Egypt has been trying to lure mining firms to unearth Egypt’s gold which could make it a top global producer and overhaul the country’s ailing economy. However, investors view the investiture terms as unappealing. In 2014, a new and more flexible legislation replaced the Egyptian 60-year-old Mineral Wealth Law, still, it failed to persuade gold miners.
The government offered investors royalty payment and production-sharing agreements, a model that companies believe it fails to fit with their business needs, as they consider the capital costs can stretch for decades while they develop mines that require hundreds of millions of dollars in investment, which the country needs to evolve a relatively untapped gold-mining threshold.
When the government launched its first international tender for gold mining concessions for eight years in January 2017, there was a tepid response and Egypt’s three main foreign companies, Centamin, Aton Resources, and Thani Stratex Resources did not partake in the tender which included five concessions in the Eastern Desert and the Sinai Peninsula.
Chairperson of Centamin, Yousef El-Raghy, told Daily News Egypt “the reason we did not participate is that the terms were against investors’ interests. The government should follow investment schemes of mining sector in other countries”.
Countries like Peru and Mexico adopted a modest royalty on mineral production and tax collection. This system helped to launch their mining sector and enabled them to become among the world’s top 10 gold producers. The Egyptian government still sees its model reflecting a lower exploration risk in a country where ancient mines populate the desert, indicating known mineralisation areas.

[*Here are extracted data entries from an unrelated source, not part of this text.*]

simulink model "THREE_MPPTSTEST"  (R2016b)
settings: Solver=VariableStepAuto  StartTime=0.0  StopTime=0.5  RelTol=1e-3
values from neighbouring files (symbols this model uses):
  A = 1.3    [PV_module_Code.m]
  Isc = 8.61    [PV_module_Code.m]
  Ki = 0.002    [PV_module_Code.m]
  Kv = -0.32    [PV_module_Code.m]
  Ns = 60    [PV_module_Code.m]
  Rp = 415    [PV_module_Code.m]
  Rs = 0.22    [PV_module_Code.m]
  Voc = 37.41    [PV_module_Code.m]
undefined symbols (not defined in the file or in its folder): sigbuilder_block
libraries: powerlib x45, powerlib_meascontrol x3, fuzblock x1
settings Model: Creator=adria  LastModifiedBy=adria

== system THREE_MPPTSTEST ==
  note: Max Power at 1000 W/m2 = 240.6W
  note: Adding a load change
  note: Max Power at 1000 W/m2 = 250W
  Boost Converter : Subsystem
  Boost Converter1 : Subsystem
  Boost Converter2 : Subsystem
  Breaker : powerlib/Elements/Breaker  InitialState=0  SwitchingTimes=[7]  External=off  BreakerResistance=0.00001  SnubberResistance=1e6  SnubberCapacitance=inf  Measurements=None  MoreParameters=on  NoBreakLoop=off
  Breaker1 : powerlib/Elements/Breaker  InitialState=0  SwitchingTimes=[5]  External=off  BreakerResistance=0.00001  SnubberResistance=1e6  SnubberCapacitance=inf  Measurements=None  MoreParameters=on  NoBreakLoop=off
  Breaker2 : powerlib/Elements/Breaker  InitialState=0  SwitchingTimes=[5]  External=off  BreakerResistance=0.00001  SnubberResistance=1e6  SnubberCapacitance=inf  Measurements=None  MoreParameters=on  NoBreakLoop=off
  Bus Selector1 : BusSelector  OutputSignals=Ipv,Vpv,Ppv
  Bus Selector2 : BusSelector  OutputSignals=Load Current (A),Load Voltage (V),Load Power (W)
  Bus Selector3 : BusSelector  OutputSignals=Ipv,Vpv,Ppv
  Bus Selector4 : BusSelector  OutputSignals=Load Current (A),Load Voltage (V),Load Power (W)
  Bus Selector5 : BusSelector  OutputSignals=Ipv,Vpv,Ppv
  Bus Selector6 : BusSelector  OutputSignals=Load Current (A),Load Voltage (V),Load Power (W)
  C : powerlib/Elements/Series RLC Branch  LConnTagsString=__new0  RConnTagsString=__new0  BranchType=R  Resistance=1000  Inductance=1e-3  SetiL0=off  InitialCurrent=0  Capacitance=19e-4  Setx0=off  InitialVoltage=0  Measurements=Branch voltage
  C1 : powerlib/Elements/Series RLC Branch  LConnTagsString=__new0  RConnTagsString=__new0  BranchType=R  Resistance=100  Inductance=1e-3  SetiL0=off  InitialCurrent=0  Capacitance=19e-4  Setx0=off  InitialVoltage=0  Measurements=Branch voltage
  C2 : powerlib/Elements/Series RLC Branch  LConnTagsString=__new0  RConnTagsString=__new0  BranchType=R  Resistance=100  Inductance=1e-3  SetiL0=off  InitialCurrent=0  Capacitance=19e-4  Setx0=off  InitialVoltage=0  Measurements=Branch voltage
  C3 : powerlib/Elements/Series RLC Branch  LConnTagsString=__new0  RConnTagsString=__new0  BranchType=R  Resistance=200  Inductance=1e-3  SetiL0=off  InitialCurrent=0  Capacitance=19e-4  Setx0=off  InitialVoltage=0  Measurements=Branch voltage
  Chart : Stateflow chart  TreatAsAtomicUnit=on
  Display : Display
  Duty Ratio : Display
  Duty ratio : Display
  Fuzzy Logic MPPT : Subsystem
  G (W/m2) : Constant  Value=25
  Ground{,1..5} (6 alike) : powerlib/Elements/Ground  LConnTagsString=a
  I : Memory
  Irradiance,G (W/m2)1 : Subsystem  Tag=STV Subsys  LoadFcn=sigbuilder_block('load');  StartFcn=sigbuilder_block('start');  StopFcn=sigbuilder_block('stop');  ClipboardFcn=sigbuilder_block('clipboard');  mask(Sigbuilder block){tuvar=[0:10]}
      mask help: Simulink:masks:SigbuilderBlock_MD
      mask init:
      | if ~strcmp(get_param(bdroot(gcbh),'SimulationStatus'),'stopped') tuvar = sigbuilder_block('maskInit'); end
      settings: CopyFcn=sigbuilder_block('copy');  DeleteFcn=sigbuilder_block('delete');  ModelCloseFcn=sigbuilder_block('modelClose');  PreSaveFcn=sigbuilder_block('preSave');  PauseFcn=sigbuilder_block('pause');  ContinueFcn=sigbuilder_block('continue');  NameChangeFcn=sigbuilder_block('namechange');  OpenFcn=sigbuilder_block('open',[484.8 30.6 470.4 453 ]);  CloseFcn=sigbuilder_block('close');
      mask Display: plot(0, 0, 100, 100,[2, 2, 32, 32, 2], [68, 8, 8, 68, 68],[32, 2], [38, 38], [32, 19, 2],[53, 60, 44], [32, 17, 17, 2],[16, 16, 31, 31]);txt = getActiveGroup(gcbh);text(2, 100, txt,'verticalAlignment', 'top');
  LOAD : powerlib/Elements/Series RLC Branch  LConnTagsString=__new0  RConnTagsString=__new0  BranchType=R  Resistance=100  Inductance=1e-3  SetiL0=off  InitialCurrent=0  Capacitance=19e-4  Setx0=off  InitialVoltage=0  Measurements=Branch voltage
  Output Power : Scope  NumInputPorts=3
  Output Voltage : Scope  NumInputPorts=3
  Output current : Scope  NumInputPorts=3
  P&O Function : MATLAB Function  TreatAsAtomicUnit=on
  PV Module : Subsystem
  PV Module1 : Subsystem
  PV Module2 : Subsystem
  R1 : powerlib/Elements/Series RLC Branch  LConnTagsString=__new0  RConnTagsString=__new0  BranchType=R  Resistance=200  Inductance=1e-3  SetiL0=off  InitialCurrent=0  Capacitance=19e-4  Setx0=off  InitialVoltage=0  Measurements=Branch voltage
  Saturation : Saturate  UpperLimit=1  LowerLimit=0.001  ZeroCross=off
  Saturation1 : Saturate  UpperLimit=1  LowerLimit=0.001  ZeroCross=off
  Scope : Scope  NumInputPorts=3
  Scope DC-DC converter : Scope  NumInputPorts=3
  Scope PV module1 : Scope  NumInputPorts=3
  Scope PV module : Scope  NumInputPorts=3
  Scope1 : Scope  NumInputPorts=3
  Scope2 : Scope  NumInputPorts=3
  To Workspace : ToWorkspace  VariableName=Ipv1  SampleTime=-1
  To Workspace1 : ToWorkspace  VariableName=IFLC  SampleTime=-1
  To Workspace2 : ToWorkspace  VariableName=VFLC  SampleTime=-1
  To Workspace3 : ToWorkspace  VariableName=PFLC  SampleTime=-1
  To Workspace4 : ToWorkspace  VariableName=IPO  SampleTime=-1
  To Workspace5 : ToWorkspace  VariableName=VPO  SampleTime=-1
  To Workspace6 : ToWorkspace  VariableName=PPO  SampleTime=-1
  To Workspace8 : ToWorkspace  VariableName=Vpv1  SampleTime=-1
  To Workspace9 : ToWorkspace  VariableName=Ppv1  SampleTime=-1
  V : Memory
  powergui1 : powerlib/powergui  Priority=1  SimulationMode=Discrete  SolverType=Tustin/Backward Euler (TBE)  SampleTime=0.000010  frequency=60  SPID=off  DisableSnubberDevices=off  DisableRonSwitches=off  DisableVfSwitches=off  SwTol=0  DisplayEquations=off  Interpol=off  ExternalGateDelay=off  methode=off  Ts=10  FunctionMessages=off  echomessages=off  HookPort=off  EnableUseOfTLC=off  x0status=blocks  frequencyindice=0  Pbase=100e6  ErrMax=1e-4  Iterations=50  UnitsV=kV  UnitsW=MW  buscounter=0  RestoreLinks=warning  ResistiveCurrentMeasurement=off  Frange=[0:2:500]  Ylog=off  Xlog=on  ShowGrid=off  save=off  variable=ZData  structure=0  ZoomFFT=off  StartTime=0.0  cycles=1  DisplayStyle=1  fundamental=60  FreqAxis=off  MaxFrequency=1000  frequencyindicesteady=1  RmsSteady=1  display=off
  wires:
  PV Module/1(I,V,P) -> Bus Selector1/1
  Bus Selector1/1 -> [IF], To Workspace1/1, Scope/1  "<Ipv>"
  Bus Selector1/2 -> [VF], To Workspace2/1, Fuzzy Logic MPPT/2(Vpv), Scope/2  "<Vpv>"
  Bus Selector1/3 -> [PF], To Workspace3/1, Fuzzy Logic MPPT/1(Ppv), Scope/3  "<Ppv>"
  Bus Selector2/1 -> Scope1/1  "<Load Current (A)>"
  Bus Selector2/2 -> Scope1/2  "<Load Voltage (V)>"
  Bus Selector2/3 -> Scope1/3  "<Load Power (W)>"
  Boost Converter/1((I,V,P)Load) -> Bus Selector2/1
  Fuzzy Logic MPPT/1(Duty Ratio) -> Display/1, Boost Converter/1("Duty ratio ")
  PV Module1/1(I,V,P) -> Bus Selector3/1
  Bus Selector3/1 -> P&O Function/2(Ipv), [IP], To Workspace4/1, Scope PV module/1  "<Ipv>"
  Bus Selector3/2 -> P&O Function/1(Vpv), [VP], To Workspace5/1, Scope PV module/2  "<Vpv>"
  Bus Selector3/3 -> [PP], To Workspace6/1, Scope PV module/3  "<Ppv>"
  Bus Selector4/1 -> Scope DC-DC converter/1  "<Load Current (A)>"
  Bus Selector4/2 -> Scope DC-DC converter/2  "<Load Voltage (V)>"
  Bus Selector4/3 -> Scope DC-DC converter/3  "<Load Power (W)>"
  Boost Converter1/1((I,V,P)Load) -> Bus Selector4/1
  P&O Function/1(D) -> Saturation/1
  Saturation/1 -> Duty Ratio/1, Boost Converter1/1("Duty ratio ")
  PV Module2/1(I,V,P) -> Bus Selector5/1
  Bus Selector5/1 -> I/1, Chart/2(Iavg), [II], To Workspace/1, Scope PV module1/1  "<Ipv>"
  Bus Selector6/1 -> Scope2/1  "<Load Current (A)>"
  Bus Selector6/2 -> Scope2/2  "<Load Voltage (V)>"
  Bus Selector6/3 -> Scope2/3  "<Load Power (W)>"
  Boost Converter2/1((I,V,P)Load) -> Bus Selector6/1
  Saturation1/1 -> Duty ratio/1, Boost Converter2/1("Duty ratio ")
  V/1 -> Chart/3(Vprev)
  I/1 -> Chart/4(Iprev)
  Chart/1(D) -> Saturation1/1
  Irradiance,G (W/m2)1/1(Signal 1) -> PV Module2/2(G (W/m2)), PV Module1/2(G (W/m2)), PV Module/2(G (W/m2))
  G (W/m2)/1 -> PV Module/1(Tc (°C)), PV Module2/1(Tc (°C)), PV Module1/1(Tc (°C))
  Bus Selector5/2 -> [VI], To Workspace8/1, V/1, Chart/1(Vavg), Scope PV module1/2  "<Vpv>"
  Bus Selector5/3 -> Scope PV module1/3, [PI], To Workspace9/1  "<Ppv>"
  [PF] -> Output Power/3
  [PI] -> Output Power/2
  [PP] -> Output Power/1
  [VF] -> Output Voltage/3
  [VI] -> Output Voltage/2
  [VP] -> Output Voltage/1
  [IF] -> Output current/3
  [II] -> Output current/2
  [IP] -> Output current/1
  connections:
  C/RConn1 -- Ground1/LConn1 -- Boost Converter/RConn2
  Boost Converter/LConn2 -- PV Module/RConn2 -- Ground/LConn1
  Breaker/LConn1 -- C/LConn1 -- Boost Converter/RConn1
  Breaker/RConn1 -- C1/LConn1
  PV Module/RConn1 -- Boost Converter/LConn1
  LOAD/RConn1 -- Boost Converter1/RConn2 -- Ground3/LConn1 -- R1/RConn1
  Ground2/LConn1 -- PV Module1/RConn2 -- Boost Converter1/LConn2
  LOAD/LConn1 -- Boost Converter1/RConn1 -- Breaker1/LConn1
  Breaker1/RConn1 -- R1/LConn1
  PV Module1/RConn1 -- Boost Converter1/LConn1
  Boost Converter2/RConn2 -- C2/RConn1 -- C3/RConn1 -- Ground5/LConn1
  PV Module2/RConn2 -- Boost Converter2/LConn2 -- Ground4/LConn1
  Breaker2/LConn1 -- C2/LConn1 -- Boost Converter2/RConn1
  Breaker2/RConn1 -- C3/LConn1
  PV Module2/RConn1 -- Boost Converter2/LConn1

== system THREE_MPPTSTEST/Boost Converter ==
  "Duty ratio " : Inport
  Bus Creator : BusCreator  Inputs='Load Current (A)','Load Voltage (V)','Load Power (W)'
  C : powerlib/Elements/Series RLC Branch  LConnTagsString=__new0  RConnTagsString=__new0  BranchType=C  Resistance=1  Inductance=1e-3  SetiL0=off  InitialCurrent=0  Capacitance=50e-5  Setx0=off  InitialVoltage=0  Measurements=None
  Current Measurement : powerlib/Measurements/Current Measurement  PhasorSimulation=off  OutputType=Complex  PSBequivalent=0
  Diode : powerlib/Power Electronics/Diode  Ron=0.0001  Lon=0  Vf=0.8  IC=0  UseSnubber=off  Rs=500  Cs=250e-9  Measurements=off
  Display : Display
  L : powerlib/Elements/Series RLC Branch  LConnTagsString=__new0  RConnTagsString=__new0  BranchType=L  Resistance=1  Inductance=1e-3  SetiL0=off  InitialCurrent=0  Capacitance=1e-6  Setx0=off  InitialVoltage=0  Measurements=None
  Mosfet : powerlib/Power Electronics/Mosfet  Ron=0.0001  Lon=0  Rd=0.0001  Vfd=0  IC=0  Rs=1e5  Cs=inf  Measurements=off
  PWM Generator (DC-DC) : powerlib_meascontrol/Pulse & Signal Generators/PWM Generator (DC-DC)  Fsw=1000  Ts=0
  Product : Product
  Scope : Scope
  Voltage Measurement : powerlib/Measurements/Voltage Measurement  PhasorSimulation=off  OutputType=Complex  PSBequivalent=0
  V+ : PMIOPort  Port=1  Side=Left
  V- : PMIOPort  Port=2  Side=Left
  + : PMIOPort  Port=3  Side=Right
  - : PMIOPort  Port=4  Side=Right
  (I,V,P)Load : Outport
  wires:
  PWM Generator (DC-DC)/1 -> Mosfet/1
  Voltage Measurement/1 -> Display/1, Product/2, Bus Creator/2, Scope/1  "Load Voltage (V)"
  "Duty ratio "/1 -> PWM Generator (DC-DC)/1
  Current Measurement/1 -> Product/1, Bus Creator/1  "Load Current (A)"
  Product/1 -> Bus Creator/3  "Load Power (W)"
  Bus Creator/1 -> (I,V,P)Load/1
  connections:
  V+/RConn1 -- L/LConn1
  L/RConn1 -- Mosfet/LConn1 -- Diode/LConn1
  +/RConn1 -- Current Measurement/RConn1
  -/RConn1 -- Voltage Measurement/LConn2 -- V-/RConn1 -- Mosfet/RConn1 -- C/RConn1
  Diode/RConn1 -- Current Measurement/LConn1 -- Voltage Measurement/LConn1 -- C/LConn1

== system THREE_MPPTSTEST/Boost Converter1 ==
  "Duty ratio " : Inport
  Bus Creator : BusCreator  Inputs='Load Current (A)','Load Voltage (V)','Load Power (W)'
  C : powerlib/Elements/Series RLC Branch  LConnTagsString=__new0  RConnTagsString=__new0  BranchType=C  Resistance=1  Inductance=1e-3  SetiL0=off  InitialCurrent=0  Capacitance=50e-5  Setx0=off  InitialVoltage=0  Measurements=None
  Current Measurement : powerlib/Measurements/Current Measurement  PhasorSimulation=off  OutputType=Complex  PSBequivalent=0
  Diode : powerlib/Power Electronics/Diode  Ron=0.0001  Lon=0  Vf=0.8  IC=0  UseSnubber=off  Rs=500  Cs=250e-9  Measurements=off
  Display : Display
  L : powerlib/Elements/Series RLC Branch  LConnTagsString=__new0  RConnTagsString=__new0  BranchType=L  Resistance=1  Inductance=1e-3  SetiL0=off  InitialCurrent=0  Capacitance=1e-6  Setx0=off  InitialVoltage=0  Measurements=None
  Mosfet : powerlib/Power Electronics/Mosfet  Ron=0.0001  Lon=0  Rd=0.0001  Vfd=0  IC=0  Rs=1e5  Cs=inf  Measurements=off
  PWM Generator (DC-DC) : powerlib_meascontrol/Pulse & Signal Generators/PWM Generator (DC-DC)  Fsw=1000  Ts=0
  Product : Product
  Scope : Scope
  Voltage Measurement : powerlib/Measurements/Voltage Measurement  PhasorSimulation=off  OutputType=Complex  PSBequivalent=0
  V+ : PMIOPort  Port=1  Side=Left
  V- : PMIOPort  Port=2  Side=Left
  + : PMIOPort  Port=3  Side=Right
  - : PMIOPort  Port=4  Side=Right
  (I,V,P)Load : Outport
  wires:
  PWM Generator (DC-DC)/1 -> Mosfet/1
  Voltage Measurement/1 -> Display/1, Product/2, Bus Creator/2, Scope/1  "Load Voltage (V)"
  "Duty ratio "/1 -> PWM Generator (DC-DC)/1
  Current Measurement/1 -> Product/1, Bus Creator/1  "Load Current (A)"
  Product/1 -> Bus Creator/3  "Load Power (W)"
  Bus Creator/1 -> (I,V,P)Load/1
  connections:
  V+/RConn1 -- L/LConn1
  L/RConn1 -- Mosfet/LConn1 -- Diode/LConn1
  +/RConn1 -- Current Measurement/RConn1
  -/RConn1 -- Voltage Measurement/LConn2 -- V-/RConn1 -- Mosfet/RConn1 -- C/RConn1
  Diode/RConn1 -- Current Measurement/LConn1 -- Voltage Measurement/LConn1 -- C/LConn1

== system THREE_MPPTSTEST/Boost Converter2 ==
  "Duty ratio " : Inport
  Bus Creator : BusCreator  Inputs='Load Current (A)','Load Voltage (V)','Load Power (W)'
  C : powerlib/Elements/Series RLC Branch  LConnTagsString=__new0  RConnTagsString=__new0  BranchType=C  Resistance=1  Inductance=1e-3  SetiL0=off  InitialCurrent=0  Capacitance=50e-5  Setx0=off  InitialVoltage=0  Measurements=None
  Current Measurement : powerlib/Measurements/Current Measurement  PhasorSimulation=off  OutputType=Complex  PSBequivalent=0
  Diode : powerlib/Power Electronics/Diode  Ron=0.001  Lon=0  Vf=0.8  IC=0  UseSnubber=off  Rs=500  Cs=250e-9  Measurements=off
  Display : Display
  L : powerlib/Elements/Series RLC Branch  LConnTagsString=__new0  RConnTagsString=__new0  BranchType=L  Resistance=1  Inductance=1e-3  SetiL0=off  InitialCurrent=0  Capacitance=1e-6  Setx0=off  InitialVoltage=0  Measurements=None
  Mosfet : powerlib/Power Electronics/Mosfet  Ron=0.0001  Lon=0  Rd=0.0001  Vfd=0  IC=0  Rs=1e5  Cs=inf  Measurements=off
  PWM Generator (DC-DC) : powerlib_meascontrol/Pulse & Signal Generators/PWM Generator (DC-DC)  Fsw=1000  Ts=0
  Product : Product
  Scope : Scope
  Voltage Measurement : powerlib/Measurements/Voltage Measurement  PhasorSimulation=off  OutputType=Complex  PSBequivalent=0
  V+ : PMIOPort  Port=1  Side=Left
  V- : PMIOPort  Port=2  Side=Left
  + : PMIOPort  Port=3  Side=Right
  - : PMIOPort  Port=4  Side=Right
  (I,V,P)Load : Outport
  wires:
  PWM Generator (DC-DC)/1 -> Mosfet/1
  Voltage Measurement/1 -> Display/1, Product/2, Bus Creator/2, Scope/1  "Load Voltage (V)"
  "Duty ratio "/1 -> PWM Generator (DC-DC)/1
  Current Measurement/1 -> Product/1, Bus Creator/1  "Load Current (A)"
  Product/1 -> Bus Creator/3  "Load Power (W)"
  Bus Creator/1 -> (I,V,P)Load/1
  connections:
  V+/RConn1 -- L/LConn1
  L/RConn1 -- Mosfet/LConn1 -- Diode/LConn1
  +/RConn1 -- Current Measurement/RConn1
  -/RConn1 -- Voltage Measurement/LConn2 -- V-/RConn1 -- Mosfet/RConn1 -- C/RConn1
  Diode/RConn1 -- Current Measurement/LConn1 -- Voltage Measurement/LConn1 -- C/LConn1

In Egypt’s mineral-rich Eastern Desert alone, some exploration companies estimated the potential gold reserves of higher than 300 tonnes. The government recently hired an international advisory office, Wood Mackenzie, to lay out a development strategy for the mining sector, so as to reach 2% of gross domestic product (GDP) within five years, compared to the current 1%.
During the 15th Middle East Mining conference last week, hosted by Cairo, Ricardo Monte Alto, head of Metals and Mining Americas at Wood Mackenzie, said that the lack of available and accessible information to investors and current legislation represent obstacles to the mining sector.
Wood Mackenzie recommended amendments to Egypt’s Mineral Wealth Law, which the State Council is revising before sending it to parliament. The Minister of Petroleum and Mineral Resources, Tarek El Molla, said in the conference that these amendments include the separation of the exploitation from the utilisation stage, as the exploration agreements need procedures that take long time, and a cap on royalties, which protects investors from market fluctuations.
The government will also merge the quarries licenses in one entity and establish specialised committees to deal with the problems of gold in Egypt, especially illegal gold diggers and smugglers.
Tarek Barakat, the deputy of energy and environment parliamentary committee, told Daily News Egypt that “we have not benefited from our mineral wealth in the best way yet, and we need to convey that to the world and use our resources properly. We are waiting for the government to send the amendments of the Mineral Wealth Law, and we will ensure the new amendments can attract investments to our country.”
Hope for better deals
In a recent interview with Rosa El-Youssef, Ayman El-Saie, the head of the Egyptian Mineral Resources Authority (EMRA), said that “Centamin has made $4.5bn in revenue, of which EMRA got only $200m, which is quite little compared with tax and customs exemptions the company gets.”
Centamin is the operator of the country’s only commercial gold mine, Alsukari, whose production reached 108.8 tonnes of gold from the start of production in 2010 until June 2018. The company signed an agreement with the government in 1994 to operate the gold mine. The deal was criticised by many politicians who considered it a severe failure on the government’s side in the negotiations.
El-Raghy said “until now we have made $4.2bn in revenue, EMRA has got $350m of them, the government can audit our financial statements anytime, as we are completely committed to them.” The new amendments should fix the 2014 law’s disadvantages that made it “unattractive for investors,” he added.
Former Egyptian Oil Minister, Osama Kamal, told Daily News Egypt that “Alsukari concession’s contract was not the best of its kind. The main problem was that EMRA has a lot of bureaucratic procedures in order to take its share of the revenues, because it is not involved in the management process, unlike oil and gas deals,” he said.
Kamal added “our model does not exist anywhere in the world, and we should impose taxes and royalty on mineral production”.
He believes that the recent move the government has taken is promising and will guarantee better deals in the future. “The government is on the right path as it is working on criteria that investors are interested in.”